-- EXERCISE BRIEF --
Look for the word "fill" in the material below. Copy each line that has it.

-- DATA SUPPLIED --
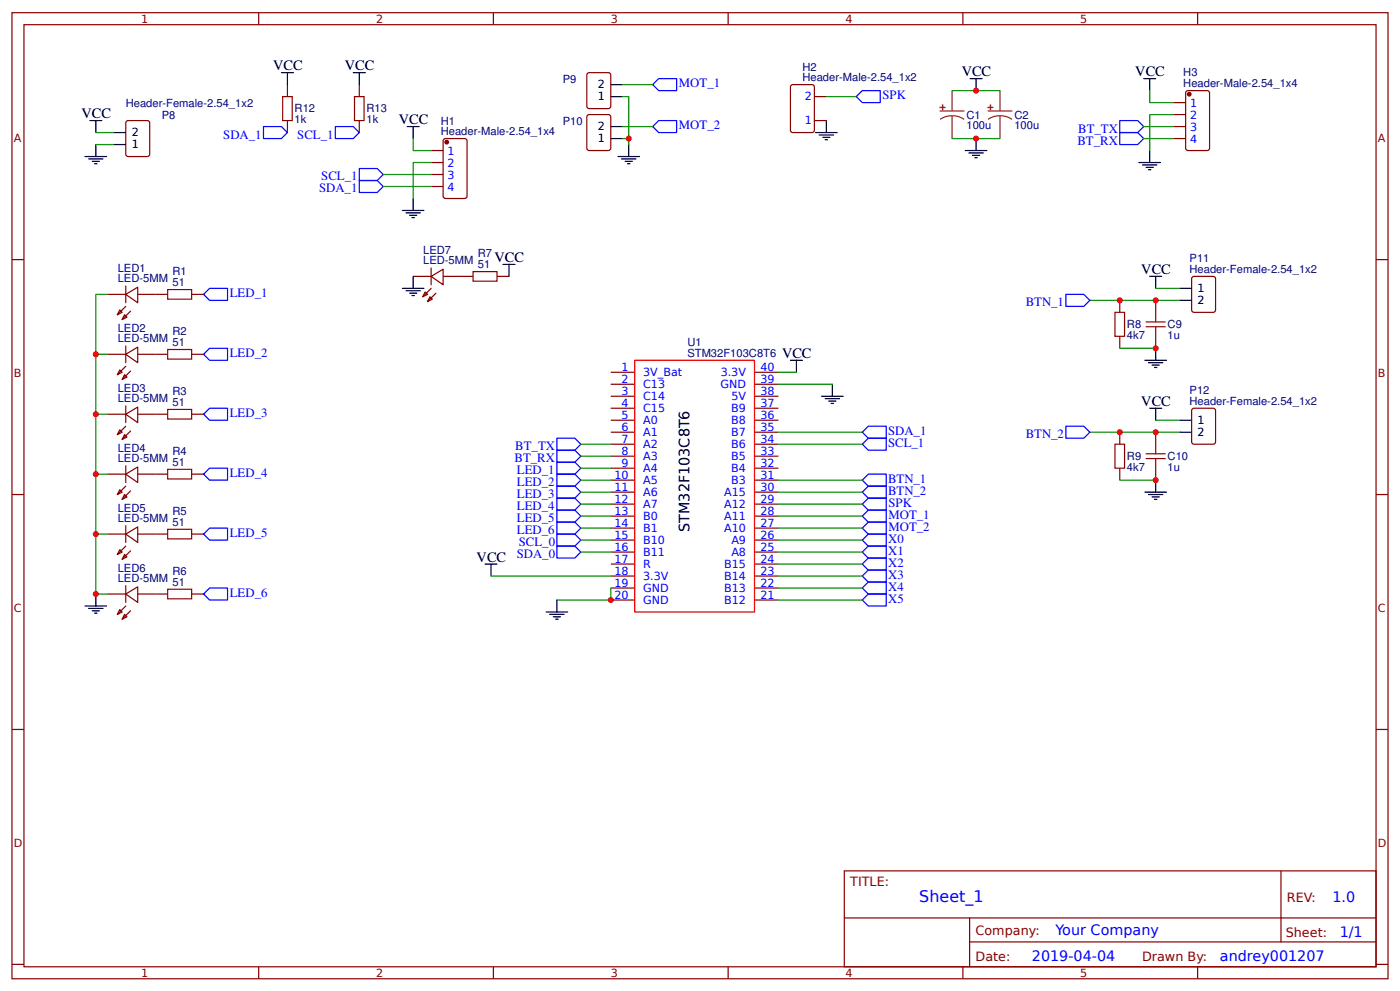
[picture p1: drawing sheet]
<svg xmlns="http://www.w3.org/2000/svg" width="309mm" height="219mm" viewBox="0 0 309 219" stroke-linecap="round" stroke-linejoin="round" font-family="sans-serif">
<g fill="none" stroke="#800" stroke-width=".26">
<path d="M2.6 2.8h304.1v213.3h-304.1zM5.3 5.5h298.7v207.9h-298.7zM57.1 2.8v2.7M63.5 18.7v2.6M79.4 18.7v2.6M109 2.8v2.7M129.7 16.3l.5-.3h4.2l.5 .3v7.1l-.2 .5-4.5 .1-.5-.3zM160.9 2.8v2.7M174.9 18.8l4.5-.1 .4 .2 .1 9.8-.2 .5-4.5 .1-.5-.3-.1-9.8zM212.7 2.8v2.7M264.6 2.8v2.7M27.9 26.9l.4-.3h4.2l.5 .3 .1 7.1-.3 .5-4.5 .1-.4-.3z"/>
<path d="M63.5 26.6v2.7M79.4 26.6v2.7M95.2 33.2h2.7M95.2 35.9h2.7M95.2 38.5h2.7M98 30.8l.4-.2h4.3l.4 .2 .1 12.5-.3 .4-4.5 .1-.4-.2zM129.9 25.4l4.5-.1 .5 .3v7.1l-.2 .5h-4.5l-.5-.2-.1-7.2zM179.9 26.6h2.7M179.9 21.3h2.7M259.3 22.6h2.6M259.3 25.3h2.6M259.3 27.9h2.6"/>
<path d="M259.3 30.6h2.6M262 20.3l.5-.3h4.2l.5 .3v12.4l-.2 .5h-4.5l-.5-.2zM2.6 57.3h2.7M95.2 41.2h2.7M95.2 59.2v3.7M304 57.3h2.7M23.8 65h4M23.8 78.2h4M26.5 68.4l.5 .6-1.1 .5zM27.5 69.5l.5 .5-1 .5zM27.8 65l2.6-1.6v3.4zM27.8 78.2l2.6-1.6v3.5z"/>
<path d="M27.8 67.6l-1.9 1.9M27.8 63.1v3.7M27.8 76.4v3.7M28.8 68.7l-1.8 1.8M30.4 65h6.6M30.4 78.2h6.6M42.3 65h2.7M42.3 78.2h2.7M91.3 61h3.9M93.9 64.5l.6 .5-1.1 .5zM95 65.5l.5 .5-1 .6zM95.2 61l2.7-1.6v3.5z"/>
<path d="M95.2 63.7l-1.8 1.8M96.3 64.7l-1.8 1.9M97.9 61h6.6M109.8 61h2.6M247.4 66.3v2.7M247.4 74.2v2.7M255.3 66.3v2.7M255.3 74.2v2.7M263.3 61.3l.5-.3h4.2l.5 .3 .1 7.1-.3 .5-4.5 .1-.5-.3zM23.8 91.4h4M26.5 81.7l.5 .5-1.1 .5zM26.5 94.9l.5 .5-1.1 .5z"/>
<path d="M27.5 82.7l.5 .5-1 .6zM27.5 95.9l.5 .6-1 .5zM27.8 91.4l2.6-1.5v3.4zM27.8 89.6v3.7M27.8 80.9l-1.9 1.8M27.8 94.1l-1.9 1.8M28.8 81.9l-1.8 1.9M28.8 95.1l-1.8 1.9M30.4 91.4h6.6M42.3 91.4h2.7M134.9 82.2h5.3M134.9 84.8h5.3"/>
<path d="M134.9 87.5h5.3M134.9 90.1h5.3M134.9 92.8h5.3M134.9 95.4h5.3M134.9 98.1h5.3M166.7 82.2h5.3M166.7 84.8h5.3M166.7 87.5h5.3M166.7 90.1h5.3M166.7 92.8h5.3M166.7 95.4h5.3M166.7 98.1h5.3"/>
<path d="M247.4 95.4v2.7M255.3 95.4v2.7M263.3 90.4l.5-.3h4.2l.5 .3 .1 7.1-.3 .5-4.5 .1-.5-.3zM2.6 109.2h2.7M23.8 104.7h4M23.8 117.9h4M26.5 108.1l.5 .5-1.1 .6zM27.5 109.2l.5 .5-1 .5zM27.8 104.7l2.6-1.6v3.4zM27.8 117.9l2.6-1.6v3.5zM27.8 102.8v3.7M27.8 116v3.8"/>
<path d="M27.8 107.3l-1.9 1.9M28.8 108.4l-1.8 1.8M30.4 104.7h6.6M30.4 117.9h6.6M42.3 104.7h2.7M42.3 117.9h2.7M134.9 100.7h5.3M134.9 103.3h5.3M134.9 106h5.3M134.9 108.6h5.3M134.9 111.3h5.3M134.9 113.9h5.3"/>
<path d="M134.9 116.6h5.3M134.9 119.2h5.3M166.7 100.7h5.3M166.7 103.3h5.3M166.7 106h5.3M166.7 108.6h5.3M166.7 111.3h5.3M166.7 113.9h5.3M166.7 116.6h5.3M166.7 119.2h5.3M247.4 103.3v2.7M255.3 103.3v2.7"/>
<path d="M304 109.2h2.7M23.8 131.1h4M26.5 121.3l.5 .6-1.1 .5zM26.5 134.6l.5 .5-1.1 .5zM27.5 122.4l.5 .5-1 .6zM27.5 135.6l.5 .6-1 .5zM27.8 131.1l2.6-1.6v3.5zM27.8 129.3v3.7M27.8 120.5l-1.9 1.9M27.8 133.8l-1.9 1.8M28.8 121.6l-1.8 1.9M28.8 134.8l-1.8 1.9"/>
<path d="M30.4 131.1h6.6M42.3 131.1h2.7M134.9 121.9h5.3M134.9 124.5h5.3M134.9 127.2h5.3M134.9 129.8h5.3M134.9 132.5h5.3M166.7 121.9h5.3M166.7 124.5h5.3M166.7 127.2h5.3M166.7 129.8h5.3M166.7 132.5h5.3"/>
<path d="M2.6 161h2.7M304 161h2.7M186.5 192.2h117.5v21.2h-117.5zM283 192.3v15.6M2.6 212.9h2.7M57.1 213.4v2.7M109 213.4v2.7M160.9 213.4v2.7M186.6 202.6h117.3M212.7 213.4v2.7M214.2 207.9h89.7M214.2 202.6v10.6"/>
<path d="M264.6 213.4v2.7M304 212.9h2.7"/>
</g>
<path d="M140.2 79.5h26.5v55.6h-26.5z" fill="none" stroke="#f00" stroke-width=".26"/>
<g fill="none" stroke="#000" stroke-width=".26">
<path d="M62.2 16h2.6M63.5 16v2.7M78.1 16h2.6M79.4 16v2.7M134.9 18.7h2.7M214.3 17.4h2.7M215.6 17.4v2.6M252.7 17.4h2.6M254 17.4v2.6M18.8 34.6h4.7M19.6 35.1h3.2M19.8 26.6h2.7"/>
<path d="M20.4 35.6h1.6M20.9 36.1h.5M21.2 26.6v2.7M21.2 31.9v2.7M25.1 31.9h2.7M25.1 29.3h2.7M90 27.9h2.6M91.3 27.9v2.7M134.9 27.9h2.7M134.9 21.3h2.7M134.9 30.6h2.7M136.5 34.6h4.8"/>
<path d="M137.3 35.1h3.2M138.1 35.6h1.6M138.6 36.1h.6M138.9 31.9v2.7M180.2 29.3h4.7M181 29.8h3.1M181.8 30.3h1.6M182.3 30.9h.5M182.6 26.6v2.7M213.3 33.2h4.7M214 33.8h3.2M214.8 34.3h1.6"/>
<path d="M215.4 34.8h.5M215.6 30.6v2.6M251.6 35.9h4.8M252.4 36.4h3.2M253.2 36.9h1.6M253.7 37.5h.6M254 33.2v2.7M88.9 46.5h4.8M89.7 47h3.2M90.5 47.5h1.6M91 48h.5M91.3 43.8v2.7"/>
<path d="M111.1 58.4h2.7M112.4 58.4v2.6M88.9 63.7h4.8M89.7 64.2h3.2M90.5 64.7h1.6M91 65.2h.5M91.3 61v2.7M174.6 79.5h2.7M175.9 79.5v2.7M252.9 79.5h4.8M254 61h2.6M255.3 61v2.7"/>
<path d="M255.3 76.9v2.6M260.6 63.7h2.7M260.6 66.3h2.7M181.5 87.5h4.8M182.3 88h3.2M183.1 88.5h1.6M183.6 89.1h.5M183.9 84.8v2.7M253.7 80.1h3.2M254 90.1h2.6M254.5 80.6h1.6M255.1 81.1h.5"/>
<path d="M255.3 90.1v2.7M260.6 92.8h2.7M260.6 95.4h2.7M252.9 108.6h4.8M253.7 109.2h3.2M254.5 109.7h1.6M255.1 110.2h.5M255.3 106v2.6M18.8 133.8h4.7M19.6 134.3h3.2M20.4 134.8h1.6M20.9 135.4h.5"/>
<path d="M21.2 131.1v2.7M107.2 124.5h2.6M108.5 124.5v2.7M120.6 135.1h4.8M121.4 135.6h3.2M122.2 136.2h1.6M122.8 136.7h.5M123 132.5v2.6"/>
</g>
<g fill="none" stroke="#080" stroke-width=".26">
<path d="M137.6 18.7h6.6M21.2 29.3h3.9M21.2 31.9h3.9M84.7 38.5h10.5M91.3 30.6v2.6h3.9M95.2 35.9h-3.9v7.9M137.6 21.3h1.3v9.3h-1.3M137.6 27.9h6.6M138.9 30.6v1.3M182.6 21.3h6.6M210.3 20h10.6M210.3 30.6h10.6"/>
<path d="M252.7 27.9h6.6M252.7 30.6h6.6M254 20v2.6h5.3M259.3 25.3h-5.3v7.9M84.7 41.2h10.5M21.2 78.2v13.2h2.6M23.8 65h-2.6v13.2h2.6M240.8 66.3h19.8M247.4 76.9h7.9M255.3 63.7h5.3M21.2 91.4v13.3h2.6M128.3 98.1h6.6"/>
<path d="M172 82.2h3.9M172 84.8h11.9M172 95.4h18.5M172 98.1h18.5M240.8 95.4h19.8M255.3 92.8h5.3M21.2 104.7v13.2h2.6M21.2 117.9v13.2h2.6M128.3 119.2h6.6M128.3 103.3h6.6M128.3 106h6.6M128.3 108.6h6.6"/>
<path d="M128.3 111.3h6.6M128.3 113.9h6.6M128.3 116.6h6.6M128.3 100.7h6.6M172 119.2h18.5M172 106h18.5M172 108.6h18.5M172 111.3h18.5M172 113.9h18.5M172 116.6h18.5M247.4 106h7.9M108.5 127.2h26.4"/>
<path d="M128.3 121.9h6.6M134.9 129.8v2.7h-11.9M172 127.2h18.5M172 121.9h18.5M172 132.5h18.5M172 129.8h18.5M172 124.5h18.5"/>
</g>
<g fill="none" stroke="#00f" stroke-width=".26">
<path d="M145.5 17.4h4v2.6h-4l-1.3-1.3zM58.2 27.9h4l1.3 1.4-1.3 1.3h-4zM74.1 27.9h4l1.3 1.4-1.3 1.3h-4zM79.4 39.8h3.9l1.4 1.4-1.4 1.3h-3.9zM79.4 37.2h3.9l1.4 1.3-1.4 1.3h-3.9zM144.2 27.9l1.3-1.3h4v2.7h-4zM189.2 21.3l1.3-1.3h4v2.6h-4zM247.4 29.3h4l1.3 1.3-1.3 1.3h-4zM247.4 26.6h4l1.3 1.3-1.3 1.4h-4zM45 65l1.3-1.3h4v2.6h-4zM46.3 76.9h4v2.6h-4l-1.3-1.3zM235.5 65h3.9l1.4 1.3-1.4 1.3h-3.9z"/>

-- ANSWER SECTION --
<g fill="none" stroke="#800" stroke-width=".26">
<path d="M140.2 79.5h26.5v55.6h-26.5z" fill="none" stroke="#f00" stroke-width=".26"/>
<g fill="none" stroke="#000" stroke-width=".26">
<g fill="none" stroke="#080" stroke-width=".26">
<g fill="none" stroke="#00f" stroke-width=".26">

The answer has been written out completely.